De fait, les grands ensembles bâtis dans les années 60 sur Clichy et Montfermeil ont grignoté une partie de l’espace forestier. En témoignent les noms donnés aux résidences avoisinantes, disparues, en passe de l’être ou toujours debout : les Bosquets, le Chêne Pointu, la Forestière, le Bois du Temple… Feda Wardak a choisi d’interroger l’évolution de ce bâti : « Quand la gestion de ces espaces a été abandonnée par les bâilleurs privés, un processus de résidentialisation s’est mis en place : pour sécuriser, on a bâti des murs d’enceinte autour des cités. Avec le temps, les gens ont pris le droit de redessiner des chemins, de recréer leurs propres entrées pour se déplacer : un mur de parpaing devient une échelle ; un grillage arraché témoigne d’un passage créé pour se déplacer plus vite d’un endroit à un autre… C’est un urbanisme d’usage et de désir. Un acte de subversion aussi… Car la rénovation urbaine, si elle a été nécessaire à Clichy-Montfermeil, a aussi pu être l’occasion pour les aménageurs de dire qui pouvait habiter là. » En dessous, la forêt raconte cet apprivoisement de l’espace et la façon de se l’accaparer.
Une ode à la forêt
D’apprivoisement, il en est aussi question pour les artistes au moment de jouer en hauteur. On frémit un peu à les voir faire des portés à 14 mètres du sol. « En danse, on peut imaginer qu’on vole, mais tout demeure en général très terrestre, estime Manuel Molino. Ici, notre attention est portée différemment. D’ailleurs, les premiers jours, nous n’avons fait que marcher sur la structure. Tous les sens étaient exacerbés ». Et puis il y a la forêt : le bruit du vent qui ébroue le feuillage, la cime des arbres qui se balance, le parfum de la terre mouillée par la pluie. « On va au rythme de la forêt, confirme Salem Messaoudi, un des constructeurs de la structure. Elle est si puissante qu’on va plus lentement que d’ordinaire. L’idée du spectacle, c’est aussi de dire que si la forêt disparaît, l’humain disparaît. »

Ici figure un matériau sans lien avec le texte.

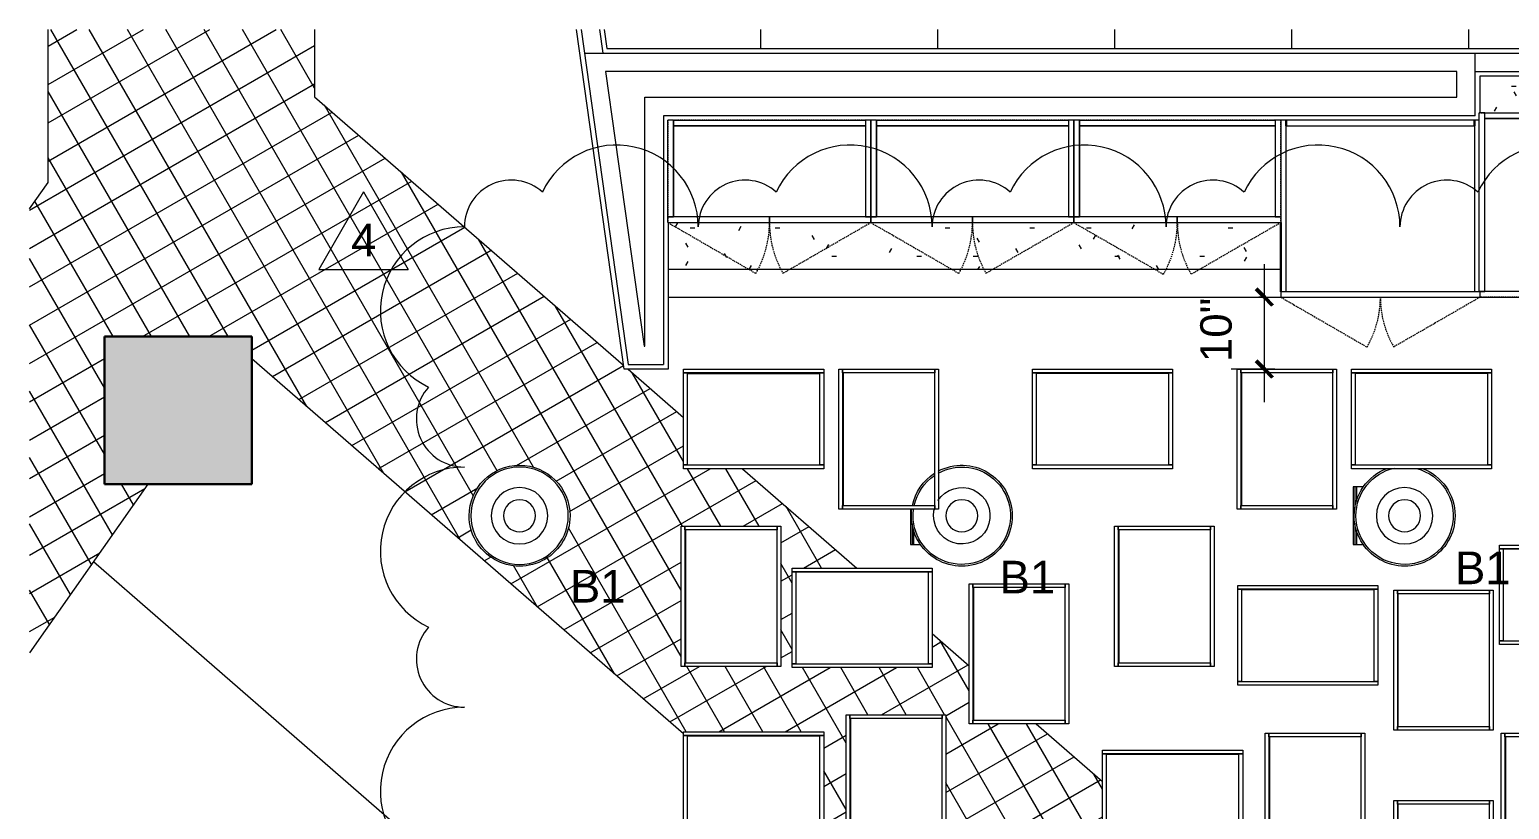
# Model space of a CAD drawing. Header units: inches. Extents: x 4387 to 7158, y 1246 to 2590.
# Drawn here: x 6857.1 to 7057.7, y 1476.3 to 1582.1 of the extents above; entities that cross this region are included whole.
import ezdxf

# ---------------------------------------------------------------- set-up
doc = ezdxf.new("R2010")
doc.units = ezdxf.units.IN
doc.header["$MEASUREMENT"] = 0
doc.linetypes.add('Dash', pattern=[0.25, 0.125, -0.125])
doc.linetypes.add('Hidden', pattern=[0.28125, 0.1875, -0.09375])
for name, color, linetype, lineweight in [('A-ANNO-DIMS', 211, 'Continuous', 9), ('A-ANNO-DIMS-48', 211, 'Continuous', 9), ('A-CLNG', 13, 'Continuous', 13), ('A-CLNG-PATT', 13, 'Continuous', 13), ('A-FLOR', 192, 'Continuous', 13), ('A-GENM', 13, 'Continuous', 9), ('A-WALL', 113, 'Continuous', 13), ('E-LITE-EQPM', 33, 'Continuous', 9), ('E-LITE-EQPM-IDEN', 33, 'Continuous', 9), ('G-ANNO-REVC', 71, 'Continuous', 9), ('G-ANNO-REVC-IDEN', 71, 'Continuous', 9), ('I-WALL', 2, 'Continuous', 13), ('M-EQPM', 50, 'Continuous', 9), ('Q-CASE', 31, 'Continuous', 9), ('Q-CASE-HDLN', 31, 'Dash', 9), ('S-COLS', 52, 'Continuous', 13)]:
    doc.layers.add(name, color=color, linetype=linetype, lineweight=lineweight)
doc.styles.add('Arial_1', font='arial.ttf', dxfattribs={"height": 4.425898})
doc.styles.add('Swis721 Lt BT_2', font='swissl.ttf', dxfattribs={"height": 4.257319})
doc.dimstyles.new('OTJ_-_3_32__Linear__1_2__Tolerance_4', dxfattribs={"dimscale": 12, "dimtxt": 4.5, "dimasz": 0.1875, "dimexe": 0.375, "dimexo": 0.25, "dimgap": 0.25, "dimtad": 1, "dimdec": 1, "dimrnd": 0.5, "dimzin": 3, "dimdsep": 46, "dimlunit": 4, "dimtxsty": 'Swis721 Lt BT_2', "dimblk1": 'OBLIQUE', "dimblk2": 'OBLIQUE', "dimsah": 1, "dimcen": 0.09, "dimdle": 0.375, "dimazin": 0, "dimtfac": 1, "dimtdec": 4, "dimtix": 1, "dimtmove": 0, "dimatfit": 3, "dimfxl": 1, "dimtvp": 1, "dimfrac": 2, "dimtolj": 1, "dimtzin": 0, "dimarcsym": 2})

# ---------------------------------------------------------------- blocks, each defined once
blk = doc.blocks.new('Concrete-Rectangular-Column - 20 X 20-5040037-3 - ENLARGED PLAN _ LOUNGE 1025')
at = {"layer": 'S-COLS', "lineweight": 18}
blk.add_hatch(color=50, dxfattribs=at).paths.add_polyline_path([(-4.09, -10), (10, -10), (10, 10), (-10, 10), (-10, -10)], flags=0)
at = {"layer": 'S-COLS', "color": 135, "lineweight": 30}
for p, q in [((-10, 10), (10, 10)), ((-10, -10), (-10, 10)), ((10, 10), (10, -10)), ((10, -10), (-10, -10))]:
    blk.add_line(p, q, dxfattribs=at)
blk = doc.blocks.new('CW Cupbd Combined - Oven Tower 84_h x 24_d _2 Microwaves_-6288481-3 - ENLARGED PLAN _ LOUNGE 1025')
at = {"layer": 'Q-CASE', "lineweight": 30}
for p, q in [((2.75, -2.36), (2.75, -3.11)), ((2.75, -3.11), (2.75, -2.36)), ((28.25, -3.11), (28.25, -2.36)), ((28.25, -2.36), (28.25, -3.11)), ((2, -25.61), (2, -16.24))]:
    blk.add_line(p, q, dxfattribs=at)
at = {"layer": 'Q-CASE'}
for p, q in [((2.75, -25.61), (2.75, -3.11)), ((2.75, -3.11), (28.25, -3.11)), ((28.25, -3.11), (28.25, -25.61)), ((29, -25.61), (2, -25.61)), ((2, -25.61), (2, -26.36)), ((28.25, -25.61), (2.75, -25.61)), ((29, -25.61), (29, -26.36)), ((2, -26.36), (29, -26.36))]:
    blk.add_line(p, q, dxfattribs=at)
at = {"layer": 'Q-CASE', "linetype": 'Hidden'}
for p, q in [((2, -26.36), (13.69, -33.11)), ((29, -26.36), (17.3, -33.11))]:
    blk.add_line(p, q, dxfattribs=at)
for centre, start, end in [((2, -26.36), 330, 359.9977), ((29, -26.36), 180.0023, 210)]:
    blk.add_arc(centre, 13.5, start, end, dxfattribs=at)
blk = doc.blocks.new('CW Cupbd Ohead - 36_h x 13 7_8_d - 2 Doors - 1 Shelf-6286497-3 - ENLARGED PLAN _ LOUNGE 1025')
at = {"layer": 'Q-CASE', "linetype": 'Hidden'}
for p, q in [((2, 16.24), (14.14, 23.25)), ((30.04, 16.24), (17.89, 23.25))]:
    blk.add_line(p, q, dxfattribs=at)
at = {"layer": 'Q-CASE'}
for p, q in [((16.02, 16.24), (2, 16.24)), ((2, 15.45), (2, 16.24)), ((16.02, 15.45), (16.02, 16.24)), ((30.04, 16.24), (16.02, 16.24)), ((16.02, 16.24), (16.02, 15.45)), ((30.04, 16.24), (30.04, 15.45)), ((2, 15.45), (16.02, 15.45)), ((2.75, 15.45), (2, 15.45)), ((2, 2.36), (2, 15.45)), ((2.75, 2.36), (2.75, 15.45)), ((2.75, 3.11), (2.75, 15.45)), ((2.75, 15.45), (29.29, 15.45)), ((16.02, 15.45), (30.04, 15.45)), ((30.04, 15.45), (29.29, 15.45)), ((29.29, 2.36), (29.29, 15.45)), ((29.29, 15.45), (29.29, 3.11)), ((30.04, 15.45), (30.04, 2.36)), ((2, 2.36), (2.75, 2.36)), ((2.75, 2.36), (2.75, 3.11)), ((2.75, 3.11), (29.29, 3.11)), ((29.29, 3.11), (2.75, 3.11)), ((29.29, 2.36), (2.75, 2.36)), ((29.29, 3.11), (29.29, 2.36)), ((29.29, 2.36), (30.04, 2.36))]:
    blk.add_line(p, q, dxfattribs=at)
at = {"layer": 'Q-CASE', "linetype": 'Hidden'}
for centre, start, end in [((2, 16.24), 359.5, 30), ((30.04, 16.24), 150, 180.5)]:
    blk.add_arc(centre, 14.02, start, end, dxfattribs=at)
at = {"layer": 'Q-CASE-HDLN'}
for p, q in [((30.04, 16.24), (2, 16.24)), ((2, 16.24), (2, 2.36)), ((30.04, 2.36), (30.04, 16.24)), ((2, 2.36), (30.04, 2.36))]:
    blk.add_line(p, q, dxfattribs=at)
blk = doc.blocks.new('Mechanical Equipment 1 - Mechanical Equipment 1-4892762-3 - ENLARGED PLAN _ LOUNGE 1025')
at = {"layer": 'M-EQPM'}
h = blk.add_hatch(dxfattribs=at)
h.set_pattern_fill('FP_46', color=90, style=0, pattern_type=2)
h.set_pattern_definition([(30, (883.241, 0), (-2.25, 3.8971143), []), (120, (883.241, 0), (-3.8971143, -2.25), [])])
h.paths.add_polyline_path([(6208.78, 1359.38), (6230.03, 1383.84), (6223, 1389.95), (6222.02, 1389.54), (6220.25, 1389.31), (6218.48, 1389.54), (6216.83, 1390.23), (6215.41, 1391.31), (6214.32, 1392.73), (6213.64, 1394.38), (6213.4, 1396.15), (6213.64, 1397.93), (6213.69, 1398.05), (6197.13, 1412.44), (6197.13, 1401.55), (6178.13, 1401.55), (6178.13, 1415.05), (6194.12, 1415.05), (6193.72, 1415.39), (6193.22, 1415.39), (6193.22, 1415.83), (6182.38, 1425.26), (6173.13, 1425.26), (6173.13, 1433.3), (6172.27, 1434.05), (6172.27, 1415.39), (6158.77, 1415.39), (6158.77, 1434.39), (6171.88, 1434.39), (6160.31, 1444.44), (6160.25, 1444.43), (6158.48, 1444.67), (6156.83, 1445.35), (6155.41, 1446.44), (6154.32, 1447.86), (6153.64, 1449.51), (6153.53, 1450.34), (6134.02, 1467.3), (6134.02, 1448.34), (6120.52, 1448.34), (6120.52, 1467.34), (6133.95, 1467.36), (6129.95, 1470.84), (6119.29, 1470.84), (6119.29, 1480.1), (6110.31, 1487.91), (6101.22, 1487.91), (6101.22, 1495.81), (6096.19, 1500.19), (6096.19, 1495.55), (6077.19, 1495.55), (6077.19, 1509.05), (6085.99, 1509.05), (6070.49, 1522.53), (6062.48, 1522.53), (6062.48, 1529.49), (6054.96, 1536.03), (6054.42, 1536.03), (6054.34, 1536.56), (6012.46, 1572.97), (6012.46, 1582.08), (5976.33, 1582.08), (5976.33, 1561.34), (5973.82, 1557.75), (5973.82, 1497.54), (5989.87, 1520.44), (5983.96, 1520.44), (5983.96, 1540.44), (6003.96, 1540.44), (6003.96, 1537.43), (6062.48, 1486.56), (6062.48, 1486.84), (6081.48, 1486.84), (6081.48, 1473.34), (6077.69, 1473.34), (6110.78, 1444.57), (6114.52, 1444.57), (6114.52, 1441.32), (6121.02, 1435.67), (6121.02, 1444.57), (6134.52, 1444.57), (6134.52, 1425.57), (6132.63, 1425.57), (6144.74, 1415.05), (6158.13, 1415.05), (6158.13, 1403.41), (6158.82, 1402.81), (6160.25, 1403), (6162.02, 1402.77), (6163.67, 1402.08), (6165.09, 1400.99), (6166.18, 1399.58), (6166.86, 1397.93), (6167.09, 1396.15), (6167.03, 1395.67), (6175.35, 1388.44), (6175.35, 1399.75), (6188.85, 1399.75), (6188.85, 1380.75), (6184.19, 1380.75), (6193.22, 1372.9), (6193.22, 1390.61), (6206.72, 1390.61), (6206.72, 1371.61), (6194.71, 1371.61), (6206.72, 1361.17)], flags=0)
h.paths.add_polyline_path([(6139.13, 1425.26), (6139.13, 1438.76), (6158.13, 1438.76), (6158.13, 1425.26), (6139.63, 1425.26)], flags=0)
h.paths.add_polyline_path([(6137.36, 1454.68), (6136.82, 1454.79), (6136.29, 1455), (6135.78, 1455.4), (6135.45, 1455.82), (6135.26, 1456.12), (6135.09, 1456.63), (6135.02, 1457.19), (6135.16, 1457.93), (6135.48, 1458.61), (6135.83, 1459.02), (6136.24, 1459.34), (6136.77, 1459.57), (6137.18, 1459.68), (6137.77, 1459.69), (6138.27, 1459.58), (6138.78, 1459.38), (6139.3, 1458.97), (6139.64, 1458.55), (6139.83, 1458.25), (6140, 1457.74), (6140.06, 1457.19), (6139.95, 1456.5), (6139.61, 1455.76), (6139.26, 1455.35), (6138.84, 1455.03), (6138.31, 1454.8), (6137.9, 1454.7), (6137.38, 1454.68)], flags=0)
h.paths.add_polyline_path([(6113.36, 1454.68), (6112.82, 1454.79), (6112.29, 1455), (6111.78, 1455.4), (6111.45, 1455.82), (6111.25, 1456.16), (6111.09, 1456.63), (6111.02, 1457.19), (6111.16, 1457.93), (6111.48, 1458.61), (6111.83, 1459.02), (6112.24, 1459.34), (6112.77, 1459.57), (6113.18, 1459.68), (6113.76, 1459.69), (6114.27, 1459.58), (6114.78, 1459.38), (6115.3, 1458.97), (6115.64, 1458.55), (6115.83, 1458.25), (6116, 1457.74), (6116.06, 1457.19), (6115.95, 1456.5), (6115.61, 1455.76), (6115.26, 1455.35), (6114.84, 1455.03), (6114.31, 1454.8), (6113.9, 1454.7), (6113.38, 1454.68)], flags=0)
h.paths.add_polyline_path([(6113.66, 1461.15), (6099.13, 1461.15), (6099.13, 1474.65), (6118.13, 1474.65), (6118.13, 1461.15), (6116.42, 1461.15)], flags=0)
h.paths.add_polyline_path([(6095.61, 1470.17), (6084.53, 1470.17), (6084.53, 1489.17), (6098.03, 1489.17), (6098.03, 1470.17), (6097.53, 1470.17)], flags=0)
h.paths.add_polyline_path([(6075.16, 1495.72), (6062.16, 1495.72), (6062.16, 1514.72), (6075.66, 1514.72), (6075.66, 1495.72), (6075.24, 1495.72)], flags=0)
h.paths.add_polyline_path([(6040.25, 1509.31), (6038.48, 1509.54), (6036.83, 1510.23), (6035.41, 1511.31), (6034.32, 1512.73), (6033.64, 1514.38), (6033.4, 1516.15), (6033.64, 1517.93), (6034.32, 1519.58), (6035.41, 1520.99), (6036.83, 1522.08), (6038.48, 1522.77), (6040.25, 1523), (6042.02, 1522.77), (6043.67, 1522.08), (6045.09, 1520.99), (6046.18, 1519.58), (6046.86, 1517.93), (6047.09, 1516.15), (6046.86, 1514.38), (6046.18, 1512.73), (6045.09, 1511.31), (6043.67, 1510.23), (6042.02, 1509.54)], flags=0)
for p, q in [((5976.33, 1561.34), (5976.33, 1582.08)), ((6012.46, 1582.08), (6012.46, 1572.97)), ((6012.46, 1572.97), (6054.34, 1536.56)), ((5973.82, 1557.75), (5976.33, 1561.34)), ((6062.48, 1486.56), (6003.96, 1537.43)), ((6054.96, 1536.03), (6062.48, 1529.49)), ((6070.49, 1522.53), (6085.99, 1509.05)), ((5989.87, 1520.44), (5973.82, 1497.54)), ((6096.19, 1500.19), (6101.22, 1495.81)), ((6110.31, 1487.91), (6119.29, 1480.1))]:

A terme, la structure aussi va disparaître. Enfin pas tout à fait. Elle sera démontée mais les planches seront recyclées par Feda Wardak pour un autre projet. « C’était pensé ainsi dès le départ. La manière dont elle a été dessinée permet de réutiliser le matériau ». De quel projet s’agit-il ? Feda Wardak admet en avoir les « prémices ». Il y sera question d’architecture et d’arbres centenaires. On se gardera bien du mauvais jeu de mot qui consisterait à lui souhaiter un « bon bouleau ». Et ce, même si la forêt de Bondy en compte parmi ses essences…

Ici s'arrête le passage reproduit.